(Dataset items)
-.-.-

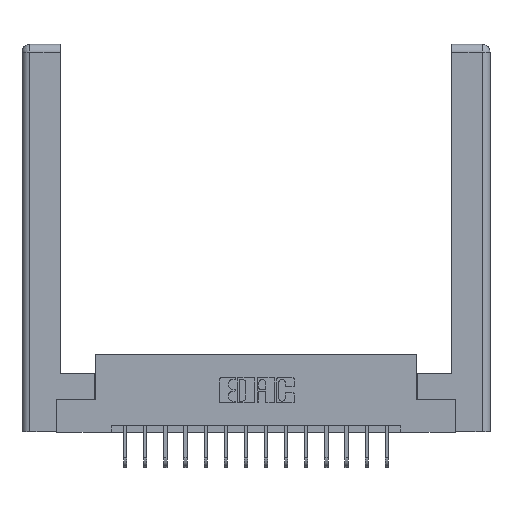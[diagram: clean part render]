
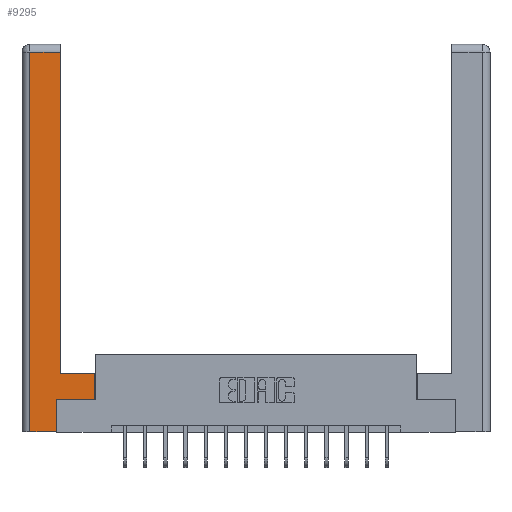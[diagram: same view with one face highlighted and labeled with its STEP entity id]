
A CAD part, top view. The second image highlights one B-rep face of the part: STEP entity #9295.
In plain terms, the highlighted planar face has unit normal (0, 0, 1).
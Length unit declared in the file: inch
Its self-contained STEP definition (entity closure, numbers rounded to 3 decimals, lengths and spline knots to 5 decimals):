
#66 = CARTESIAN_POINT ( 'NONE',  ( 0.565, 0.245, 0. ) ) ;
#727 = CARTESIAN_POINT ( 'NONE',  ( 0.565, 0.45, 0. ) ) ;
#784 = CARTESIAN_POINT ( 'NONE',  ( 0.0615, 2.94, 0. ) ) ;
#1010 = VERTEX_POINT ( 'NONE', #4730 ) ;
#1517 = VERTEX_POINT ( 'NONE', #727 ) ;
#1620 = CARTESIAN_POINT ( 'NONE',  ( 0.265, 0., 0. ) ) ;
#1714 = LINE ( 'NONE', #11216, #14673 ) ;
#1758 = DIRECTION ( 'NONE',  ( 0., -1., 0. ) ) ;
#1779 = ORIENTED_EDGE ( 'NONE', *, *, #10494, .T. ) ;
#1786 = VECTOR ( 'NONE', #1904, 39.37008 ) ;
#1904 = DIRECTION ( 'NONE',  ( 1., 0., 0. ) ) ;
#2249 = VERTEX_POINT ( 'NONE', #15190 ) ;
#2515 = VECTOR ( 'NONE', #12516, 39.37008 ) ;
#2535 = VECTOR ( 'NONE', #5630, 39.37008 ) ;
#2753 = EDGE_CURVE ( 'NONE', #15275, #1517, #1714, .T. ) ;
#2867 = ORIENTED_EDGE ( 'NONE', *, *, #8837, .T. ) ;
#2988 = LINE ( 'NONE', #8567, #1786 ) ;
#3458 = LINE ( 'NONE', #13184, #9687 ) ;
#3497 = LINE ( 'NONE', #11745, #8730 ) ;
#3545 = LINE ( 'NONE', #8204, #2535 ) ;
#3683 = PLANE ( 'NONE',  #10176 ) ;
#3882 = FACE_OUTER_BOUND ( 'NONE', #6290, .T. ) ;
#4204 = DIRECTION ( 'NONE',  ( 0., 1., 0. ) ) ;
#4206 = VERTEX_POINT ( 'NONE', #1620 ) ;
#4730 = CARTESIAN_POINT ( 'NONE',  ( 0.295, 0.45, 0. ) ) ;
#5407 = ORIENTED_EDGE ( 'NONE', *, *, #8668, .T. ) ;
#5413 = VERTEX_POINT ( 'NONE', #12498 ) ;
#5630 = DIRECTION ( 'NONE',  ( -1., 0., 0. ) ) ;
#5705 = VECTOR ( 'NONE', #11399, 39.37008 ) ;
#6131 = CARTESIAN_POINT ( 'NONE',  ( 0.0615, 2.94, 0. ) ) ;
#6280 = ORIENTED_EDGE ( 'NONE', *, *, #14407, .T. ) ;
#6290 = EDGE_LOOP ( 'NONE', ( #1779, #2867, #16331, #6628, #6587, #6280, #15988, #5407 ) ) ;
#6587 = ORIENTED_EDGE ( 'NONE', *, *, #7097, .T. ) ;
#6628 = ORIENTED_EDGE ( 'NONE', *, *, #10050, .T. ) ;
#6692 = VECTOR ( 'NONE', #8866, 39.37008 ) ;
#7097 = EDGE_CURVE ( 'NONE', #4206, #2249, #7174, .T. ) ;
#7174 = LINE ( 'NONE', #11678, #2515 ) ;
#7579 = VERTEX_POINT ( 'NONE', #784 ) ;
#8040 = EDGE_CURVE ( 'NONE', #7579, #13747, #3497, .T. ) ;
#8204 = CARTESIAN_POINT ( 'NONE',  ( 0.295, 0.45, 0. ) ) ;
#8272 = DIRECTION ( 'NONE',  ( 0., 0., -1. ) ) ;
#8343 = DIRECTION ( 'NONE',  ( -1., 0., 0. ) ) ;
#8567 = CARTESIAN_POINT ( 'NONE',  ( 0.565, 0.245, 0. ) ) ;
#8668 = EDGE_CURVE ( 'NONE', #1517, #1010, #3545, .T. ) ;
#8730 = VECTOR ( 'NONE', #1758, 39.37008 ) ;
#8837 = EDGE_CURVE ( 'NONE', #5413, #7579, #8929, .T. ) ;
#8866 = DIRECTION ( 'NONE',  ( 1., 0., 0. ) ) ;
#8929 = LINE ( 'NONE', #6131, #5705 ) ;
#9295 = ADVANCED_FACE ( 'NONE', ( #3882 ), #3683, .F. ) ;
#9687 = VECTOR ( 'NONE', #4204, 39.37008 ) ;
#9865 = DIRECTION ( 'NONE',  ( 0., 1., 0. ) ) ;
#10050 = EDGE_CURVE ( 'NONE', #13747, #4206, #11498, .T. ) ;
#10176 = AXIS2_PLACEMENT_3D ( 'NONE', #13376, #8272, #8343 ) ;
#10494 = EDGE_CURVE ( 'NONE', #1010, #5413, #3458, .T. ) ;
#11216 = CARTESIAN_POINT ( 'NONE',  ( 0.565, 0.45, 0. ) ) ;
#11330 = CARTESIAN_POINT ( 'NONE',  ( 0.265, 0., 0. ) ) ;
#11399 = DIRECTION ( 'NONE',  ( -1., 0., 0. ) ) ;
#11498 = LINE ( 'NONE', #11330, #6692 ) ;
#11678 = CARTESIAN_POINT ( 'NONE',  ( 0.265, 0.245, 0. ) ) ;
#11745 = CARTESIAN_POINT ( 'NONE',  ( 0.0615, 0., 0. ) ) ;
#12498 = CARTESIAN_POINT ( 'NONE',  ( 0.295, 2.94, 0. ) ) ;
#12516 = DIRECTION ( 'NONE',  ( 0., 1., 0. ) ) ;
#13184 = CARTESIAN_POINT ( 'NONE',  ( 0.295, 3., 0. ) ) ;
#13376 = CARTESIAN_POINT ( 'NONE',  ( 0., 0., 0. ) ) ;
#13747 = VERTEX_POINT ( 'NONE', #14927 ) ;
#14407 = EDGE_CURVE ( 'NONE', #2249, #15275, #2988, .T. ) ;
#14673 = VECTOR ( 'NONE', #9865, 39.37008 ) ;
#14927 = CARTESIAN_POINT ( 'NONE',  ( 0.0615, 0., 0. ) ) ;
#15190 = CARTESIAN_POINT ( 'NONE',  ( 0.265, 0.245, 0. ) ) ;
#15275 = VERTEX_POINT ( 'NONE', #66 ) ;
#15988 = ORIENTED_EDGE ( 'NONE', *, *, #2753, .T. ) ;
#16331 = ORIENTED_EDGE ( 'NONE', *, *, #8040, .T. ) ;

-.-.-

# TASK BRIEF
For this exercise, output exactly the lines above from the line with "#1714 = LINE ( 'NONE', #11216, #14673 ) ;" to the line with "#3683 = PLANE", counting both, and leave out the rest.

# EXERCISE RESPONSE
#1714 = LINE ( 'NONE', #11216, #14673 ) ;
#1758 = DIRECTION ( 'NONE',  ( 0., -1., 0. ) ) ;
#1779 = ORIENTED_EDGE ( 'NONE', *, *, #10494, .T. ) ;
#1786 = VECTOR ( 'NONE', #1904, 39.37008 ) ;
#1904 = DIRECTION ( 'NONE',  ( 1., 0., 0. ) ) ;
#2249 = VERTEX_POINT ( 'NONE', #15190 ) ;
#2515 = VECTOR ( 'NONE', #12516, 39.37008 ) ;
#2535 = VECTOR ( 'NONE', #5630, 39.37008 ) ;
#2753 = EDGE_CURVE ( 'NONE', #15275, #1517, #1714, .T. ) ;
#2867 = ORIENTED_EDGE ( 'NONE', *, *, #8837, .T. ) ;
#2988 = LINE ( 'NONE', #8567, #1786 ) ;
#3458 = LINE ( 'NONE', #13184, #9687 ) ;
#3497 = LINE ( 'NONE', #11745, #8730 ) ;
#3545 = LINE ( 'NONE', #8204, #2535 ) ;
#3683 = PLANE ( 'NONE',  #10176 ) ;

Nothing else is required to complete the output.